Hi, who are you again? You need to be around here for a while before you start asking questions about sources and prices. I realize you aren't asking for a source, but you are asking about the prices of a supposed source you've discovered. I'd say stick around, get to know the people here, then you can ask that question. Or you can order from what ever source you have, take a picture of the cigars, post them here, and then ask if your cigar looks legit; however I would suggest the former, stick around, get to know the members here, let them get to know you, then proceed from there.


----------



## Baric (Jun 14, 2006)

:tpd: at the very least tell us what sticks youre looking at mate!


----------



## zemekone (Aug 1, 2004)

coppertop said:


> Hi, who are you again? You need to be around here for a while before you start asking questions about sources and prices. I realize you aren't asking for a source, but you are asking about the prices of a supposed source you've discovered. I'd say stick around, get to know the people here, then you can ask that question. Or you can order from what ever source you have, take a picture of the cigars, post them here, and then ask if your cigar looks legit; however I would suggest the former, stick around, get to know the members here, let them get to know you, then proceed from there.
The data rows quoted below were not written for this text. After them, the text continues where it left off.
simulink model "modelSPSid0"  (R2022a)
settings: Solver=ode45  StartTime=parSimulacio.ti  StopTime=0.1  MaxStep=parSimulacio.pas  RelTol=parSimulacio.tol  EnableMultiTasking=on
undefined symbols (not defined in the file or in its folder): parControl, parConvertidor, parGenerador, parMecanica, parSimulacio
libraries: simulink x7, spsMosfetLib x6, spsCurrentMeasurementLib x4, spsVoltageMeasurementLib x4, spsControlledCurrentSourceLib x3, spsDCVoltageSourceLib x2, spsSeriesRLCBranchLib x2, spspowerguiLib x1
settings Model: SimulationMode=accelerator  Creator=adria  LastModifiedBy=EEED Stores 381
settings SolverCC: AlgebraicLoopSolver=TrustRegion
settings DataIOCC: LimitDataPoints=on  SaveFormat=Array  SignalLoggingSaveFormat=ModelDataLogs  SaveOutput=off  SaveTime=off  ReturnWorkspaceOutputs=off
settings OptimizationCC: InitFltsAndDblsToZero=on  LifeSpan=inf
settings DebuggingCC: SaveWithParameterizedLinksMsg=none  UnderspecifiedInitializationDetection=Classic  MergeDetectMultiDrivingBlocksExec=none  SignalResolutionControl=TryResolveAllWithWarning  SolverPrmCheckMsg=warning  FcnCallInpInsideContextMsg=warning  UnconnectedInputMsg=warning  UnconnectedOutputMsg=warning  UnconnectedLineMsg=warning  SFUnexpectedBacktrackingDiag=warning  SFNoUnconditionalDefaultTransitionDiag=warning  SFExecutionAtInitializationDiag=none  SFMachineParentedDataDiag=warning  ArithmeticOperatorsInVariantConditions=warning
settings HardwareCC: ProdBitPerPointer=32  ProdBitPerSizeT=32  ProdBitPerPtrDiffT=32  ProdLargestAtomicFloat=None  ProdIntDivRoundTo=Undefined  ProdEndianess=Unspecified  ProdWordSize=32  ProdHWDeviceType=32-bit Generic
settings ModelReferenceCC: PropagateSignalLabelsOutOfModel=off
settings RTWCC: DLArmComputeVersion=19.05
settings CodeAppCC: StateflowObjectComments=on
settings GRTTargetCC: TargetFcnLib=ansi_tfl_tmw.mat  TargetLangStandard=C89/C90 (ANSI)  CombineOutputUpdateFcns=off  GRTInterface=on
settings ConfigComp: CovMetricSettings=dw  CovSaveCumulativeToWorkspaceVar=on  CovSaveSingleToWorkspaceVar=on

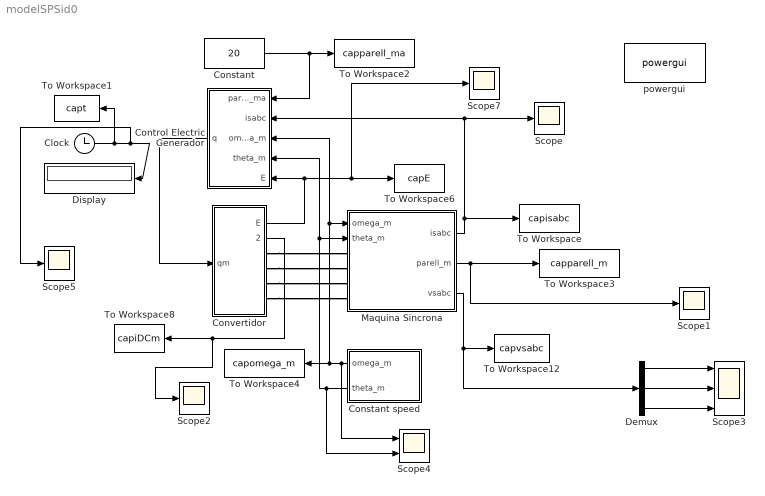
== system modelSPSid0 ==
  Clock : Clock
  Constant : Constant  Value=20
  Constant speed : Subsystem  mask{tempPar=parMecanica}
      mask prompts: tempPar "Estruc. Parametres"
      mask init:
      | omegat0=tempPar.omegat0;
  Control Electric Generador : Subsystem  mask{tempPar=parControl.Electric.Generador}
      mask prompts: tempPar "Estruc. Parametres"
      mask init:
      | rs=tempPar.rs;
      | Lq=tempPar.Lq;
      | Ld=tempPar.Ld;
      | lambda_m=tempPar.lambda_m;
      | P=tempPar.P;
      | %qKp=tempPar.qKp;
      | %qKi=tempPar.qKi;
      | %dKp=tempPar.dKp;
      | %dKi=tempPar.dKi;
      | dGcnum=tempPar.dGcnum;
      | dGcden=tempPar.dGcden;
      | qGcnum=tempPar.qGcnum;
      | qGcden=tempPar.qGcden;
      | T=tempPar.T;
      | SVPWM=tempPar.SVPWM;
  Convertidor : Subsystem  mask{tempPar=parConvertidor}
      mask prompts: tempPar "Estruc. Parametres"
      mask init:
      | E0=tempPar.E0;
      | C=tempPar.C;
  Demux : Demux  Outputs=3
  Display : Display
  Maquina Sincrona : Subsystem  mask{tempPar=parGenerador}
      mask prompts: tempPar "Estruct. Parametres"
      mask init:
      | rs=tempPar.rs;
      | Lq=tempPar.Lq;
      | Ld=tempPar.Ld;
      | lambda_m=tempPar.lambda_m;
      | P=tempPar.P;
      | isqd0=tempPar.isqd0;
  Scope{,1..2,5,7} (5 alike) : Scope
  Scope3 : Scope  NumInputPorts=3
  Scope4 : Scope  NumInputPorts=2
  To Workspace : ToWorkspace  VariableName=capisabc  SampleTime=parSimulacio.captura.Tmostreig
      settings: Decimation=parSimulacio.captura.Delmat
  To Workspace1 : ToWorkspace  VariableName=capt  SampleTime=parSimulacio.captura.Tmostreig
      settings: Decimation=parSimulacio.captura.Delmat
  To Workspace12 : ToWorkspace  VariableName=capvsabc  SampleTime=parSimulacio.captura.Tmostreig
      settings: Decimation=parSimulacio.captura.Delmat
  To Workspace2 : ToWorkspace  VariableName=capparell_ma  SampleTime=parSimulacio.captura.Tmostreig
      settings: Decimation=parSimulacio.captura.Delmat
  To Workspace3 : ToWorkspace  VariableName=capparell_m  SampleTime=parSimulacio.captura.Tmostreig
      settings: Decimation=parSimulacio.captura.Delmat
  To Workspace4 : ToWorkspace  VariableName=capomega_m  SampleTime=parSimulacio.captura.Tmostreig
      settings: Decimation=parSimulacio.captura.Delmat
  To Workspace6 : ToWorkspace  VariableName=capE  SampleTime=parSimulacio.captura.Tmostreig
      settings: Decimation=parSimulacio.captura.Delmat
  To Workspace8 : ToWorkspace  VariableName=capiDCm  SampleTime=parSimulacio.captura.Tmostreig
      settings: Decimation=parSimulacio.captura.Delmat
  powergui : spspowerguiLib/powergui  Priority=1  SimulationMode=Continuous  SampleTime=50e-6  frequency=60  Iterations=50  frequencyindice=0  Pbase=100e6  ErrMax=1e-4  UnitsV=kV  UnitsW=MW  buscounter=0  FunctionMessages=off  echomessages=off  EnableUseOfTLC=off  CurrentSourceSwitches=off  DisableSnubberDevices=off  DisableRonSwitches=off  DisableVfSwitches=off  DisplayEquations=off  AutomaticDiscreteSolvers=off  SolverType=Tustin/Backward Euler (TBE)  Interpol=off  ExternalGateDelay=off  methode=off  Ts=100  x0status=blocks  SPID=on  SwTol=0  HookPort=off  NonlinearTolerance=1e-4  nMaxIteration=100  ContinueOnMaxIteration=off  RestoreLinks=warning  ResistiveCurrentMeasurement=off  Frange=[0:2:500]  Ylog=off  Xlog=on  ShowGrid=off  save=off  variable=ZData  structure=0  ZoomFFT=off  StartTime=0.0  cycles=1  DisplayStyle=1  fundamental=60  FreqAxis=off  MaxFrequency=1000  frequencyindicesteady=1  RmsSteady=1  display=off
  wires:
  Clock/1 -> To Workspace1/1, Scope5/1, Display/1
  Control Electric Generador/1(q) -> Convertidor/1(qm)
  Convertidor/1(E) -> Control Electric Generador/5(E), Scope7/1, To Workspace6/1
  Convertidor/2(iDCm) -> Scope2/1, To Workspace8/1
  Maquina Sincrona/1(isabc) -> Control Electric Generador/2(isabc), Scope/1, To Workspace/1
  Maquina Sincrona/2(parell_m) -> Scope1/1, To Workspace3/1
  Constant speed/1(omega_m) -> Scope4/1, Maquina Sincrona/1(omega_m), Control Electric Generador/3(omega_m), To Workspace4/1
  Constant speed/2(theta_m) -> Scope4/2, Maquina Sincrona/2(theta_m), Control Electric Generador/4(theta_m)
  Maquina Sincrona/3(vsabc) -> To Workspace12/1, Demux/1
  Constant/1 -> Control Electric Generador/1(parell_ma), To Workspace2/1
  Demux/1 -> Scope3/1
  Demux/2 -> Scope3/2
  Demux/3 -> Scope3/3
  connections:
  Convertidor/RConn4 -- Maquina Sincrona/LConn4
  Convertidor/RConn3 -- Maquina Sincrona/LConn3
  Convertidor/RConn2 -- Maquina Sincrona/LConn2
  Convertidor/RConn1 -- Maquina Sincrona/LConn1

== system modelSPSid0/Constant speed ==
  Constant : Constant  Value=omegat0
  Constant1 : Constant  Value=pi/180
  Divide : Product  Inputs=*/  RndMeth=Zero  SaturateOnIntegerOverflow=on
  Divide1 : Product  Inputs=**  RndMeth=Zero  SaturateOnIntegerOverflow=on
  Integrator1 : Integrator
  Round : Rounding  Operator=round
  Scope : Scope  NumInputPorts=2
  Scope1 : Scope  NumInputPorts=2
  omega_m : Outport
  theta_m : Outport  Port=2
  wires:
  Constant/1 -> omega_m/1, Integrator1/1
  Integrator1/1 -> Scope/1, Divide/1
  Constant1/1 -> Divide1/2, Divide/2
  Divide/1 -> Scope1/1, Round/1
  Round/1 -> Scope1/2, Divide1/1
  Divide1/1 -> Scope/2, theta_m/1

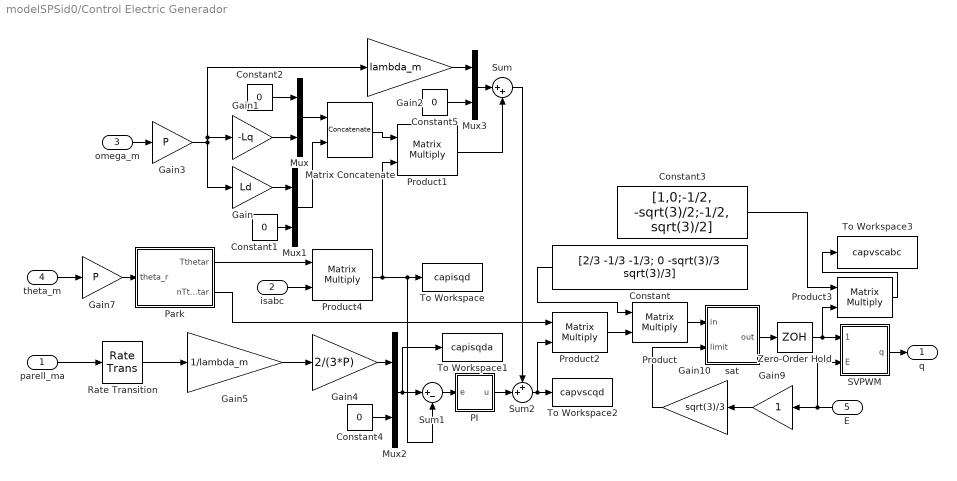
== system modelSPSid0/Control Electric Generador ==
  parell_ma : Inport
  isabc : Inport  Port=2  SampleTime=T
  omega_m : Inport  Port=3  SampleTime=T
  theta_m : Inport  Port=4  PortDimensions=1  SampleTime=T
  E : Inport  Port=5  SampleTime=T
  Constant : Constant  Value=[2/3 -1/3 -1/3; 0 -sqrt(3)/3 sqrt(3)/3]  SampleTime=T
  Constant{1..2,4..5} (4 alike) : Constant  Value=0  SampleTime=T
  Constant3 : Constant  Value=[1,0;-1/2, -sqrt(3)/2;-1/2, sqrt(3)/2]  SampleTime=T
  Gain : Gain  Gain=Ld
  Gain1 : Gain  Gain=-Lq
  Gain10 : Gain  Gain=sqrt(3)/3
  Gain2 : Gain  Gain=lambda_m
  Gain3 : Gain  Gain=P
  Gain4 : Gain  Gain=2/(3*P)
  Gain5 : Gain  Gain=1/lambda_m
  Gain7 : Gain  Gain=P
  Gain9 : Gain  SampleTime=T
  Matrix Concatenate : Concatenate  Mode=Multidimensional array  ConcatenateDimension=2
  Mux{,1..3} (4 alike) : Mux  Inputs=2
  PI : Subsystem
  Park : Subsystem
  Product{,1..4} (5 alike) : Product  Multiplication=Matrix(*)  RndMeth=Zero
  Rate Transition : RateTransition  OutPortSampleTime=T
  SVPWM : Subsystem  mask{TempPar=SVPWM}
      mask prompts: TempPar "Estructura de Parametres"
      mask init:
      | T=TempPar.T;
      | resolucio=TempPar.resolucio;
  Sum : Sum  Inputs=|++
  Sum1 : Sum  Inputs=|+-
  Sum2 : Sum  Inputs=++|
  To Workspace : ToWorkspace  VariableName=capisqd  SampleTime=parSimulacio.captura.Tmostreig
      settings: Decimation=parSimulacio.captura.Delmat
  To Workspace1 : ToWorkspace  VariableName=capisqda  SampleTime=parSimulacio.captura.Tmostreig
      settings: Decimation=parSimulacio.captura.Delmat
  To Workspace2 : ToWorkspace  VariableName=capvscqd  SampleTime=parSimulacio.captura.Tmostreig
      settings: Decimation=parSimulacio.captura.Delmat
  To Workspace3 : ToWorkspace  VariableName=capvscabc  SampleTime=parSimulacio.captura.Tmostreig
      settings: Decimation=parSimulacio.captura.Delmat
  Zero-Order Hold : ZeroOrderHold  SampleTime=T
  sat : Subsystem
  q : Outport
  wires:
  Gain7/1 -> Park/1(theta_r)
  Park/1(Tthetar) -> Product4/1
  Constant2/1 -> Mux/1
  Gain1/1 -> Mux/2
  Gain/1 -> Mux1/1
  Constant1/1 -> Mux1/2
  Mux/1 -> Matrix Concatenate/1
  Mux1/1 -> Matrix Concatenate/2
  Matrix Concatenate/1 -> Product1/1
  Product4/1 -> Product1/2, Sum1/2, To Workspace/1
  omega_m/1 -> Gain3/1
  Product1/1 -> Sum/2
  Sum2/1 -> Product2/2, To Workspace2/1
  Sum1/1 -> PI/1(e)
  PI/1(u) -> Sum2/2
  Mux2/1 -> Sum1/1, To Workspace1/1
  theta_m/1 -> Gain7/1
  isabc/1 -> Product4/2
  Gain3/1 -> Gain1/1, Gain2/1, Gain/1
  Mux3/1 -> Sum/1
  Gain2/1 -> Mux3/1
  Constant5/1 -> Mux3/2
  Park/2(nTthetar) -> Product2/1
  Sum/1 -> Sum2/1
  Gain4/1 -> Mux2/1
  Gain5/1 -> Gain4/1
  parell_ma/1 -> Rate Transition/1
  Rate Transition/1 -> Gain5/1
  Product/1 -> sat/1(in)
  sat/1(out) -> Zero-Order Hold/1
  Gain9/1 -> Gain10/1
  Gain10/1 -> sat/2(limit)
  Zero-Order Hold/1 -> SVPWM/1(valfbet), Product3/2
  E/1 -> Gain9/1, SVPWM/2(E)
  Product2/1 -> Product/2
  Constant/1 -> Product/1
  SVPWM/1(q) -> q/1
  Constant3/1 -> Product3/1
  Product3/1 -> To Workspace3/1
  Constant4/1 -> Mux2/2

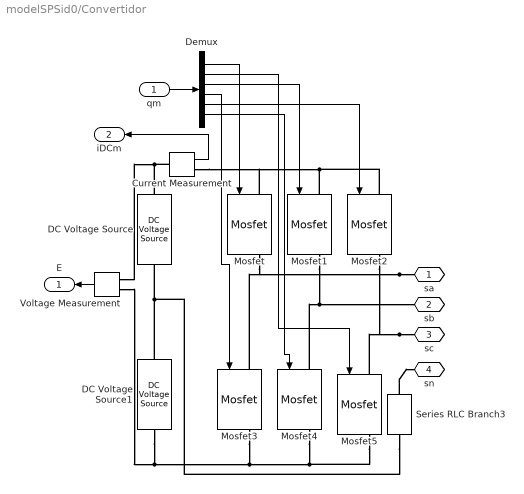
== system modelSPSid0/Convertidor ==
  qm : Inport
  Current Measurement : spsCurrentMeasurementLib/Current Measurement  PhasorSimulation=off  OutputType=Complex  PSBequivalent=0
  DC Voltage Source : spsDCVoltageSourceLib/DC Voltage Source  Amplitude=E0/2  Measurements=None
  DC Voltage Source1 : spsDCVoltageSourceLib/DC Voltage Source  Amplitude=E0/2  Measurements=None
  Demux : Demux  Outputs=6
  Mosfet{,1..5} (6 alike) : spsMosfetLib/Mosfet  Ron=0.1  Lon=0  Rd=0.01  Vfd=0  IC=0  Rs=1e5  Cs=inf  Measurements=on
  Series RLC Branch3 : spsSeriesRLCBranchLib/Series RLC Branch  LConnTagsString=__new0  RConnTagsString=__new0  BranchType=R  Resistance=1e5  Inductance=1e-3  SetiL0=off  InitialCurrent=0  Capacitance=1e-6  Setx0=off  InitialVoltage=0  Measurements=None
  Voltage Measurement : spsVoltageMeasurementLib/Voltage Measurement  PhasorSimulation=off  OutputType=Complex  PSBequivalent=0
  sa : PMIOPort  Side=Right
  sb : PMIOPort  Port=2  Side=Right
  sc : PMIOPort  Port=3  Side=Right
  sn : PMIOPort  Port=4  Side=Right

:tpd: WoW! Coppertop must be in good mood, you got the nice version :r 
Like he sed hang around a bit, read past threads, use the search button, youll pick up stuuff here and there...


----------



## hornitosmonster (Sep 5, 2006)

Your right...Not looking for a source but I dont want to get ripped off as well...is that ok? Isnt it smart to check around first?

My source in Germany moved...Too many fakes in Mexico.


----------



## Navydoc (Jan 26, 2005)

6-8/ea for the regular production...most popular stuff...whatever that is


----------



## burninator (Jul 11, 2006)

What kind of smokes are you looking at buying? What was your old source charging for these smokes?


----------



## Corona Gigante-cl (Sep 8, 2005)

*ahem* guys! How is this not discussing a source?


----------



## coppertop (Dec 29, 2003)

hornitosmonster said:


> Your right...Not looking for a source but I dont want to get ripped off as well...is that ok? Isnt it smart to check around first?
> 
> My source in Germany moved...Too many fakes in Mexico.


Ok, you missed my point completely! If you don't know what the cigars you're looking at should sell for, then maybe you shouldn't be buying them.

This is exactly why I said stick around, read, let the fantastic community of CS get to know you and vice-versa before you ask questions like this one.

I hope the people who are replying here actually wanting to help you realize that they are doing you a huge disservice. Why? Simple, what do you learn by being fed this information? You don't learn jack shit, and once you get what you need we'll never hear from you again! I don't appreciate being used, so I hope no one answers your question, but I do hope you stick around and *LEARN* about cigars, that way you don't have to ask questions like this.


----------



## coppertop (Dec 29, 2003)

Corona Gigante said:


> *ahem* guys! How is this not discussing a source?


:tpd:


----------



## hornitosmonster (Sep 5, 2006)

I will most likely buy them..I mean, beggars can't be choosers...Just looking get five...I will post pics when I get them..Hopefully I can drive down there this weekend.

Yeah, and I know I'm most likely getting boned on the price


----------



## Da Klugs (Jan 8, 2005)

hornitosmonster said:


> I will most likely buy them..I mean, beggars can't be choosers...Just looking get five...I will post pics when I get them..Hopefully I can drive down there this weekend.
> 
> Yeah, and I know I'm most likely getting boned on the price


Drive over to the "New Gorilla Forum" here and post an introduction thread so we can get to know you and say hi. :2


----------



## hornitosmonster (Sep 5, 2006)

> If you don't know what the cigars you're looking at should sell for, then maybe you shouldn't be buying them.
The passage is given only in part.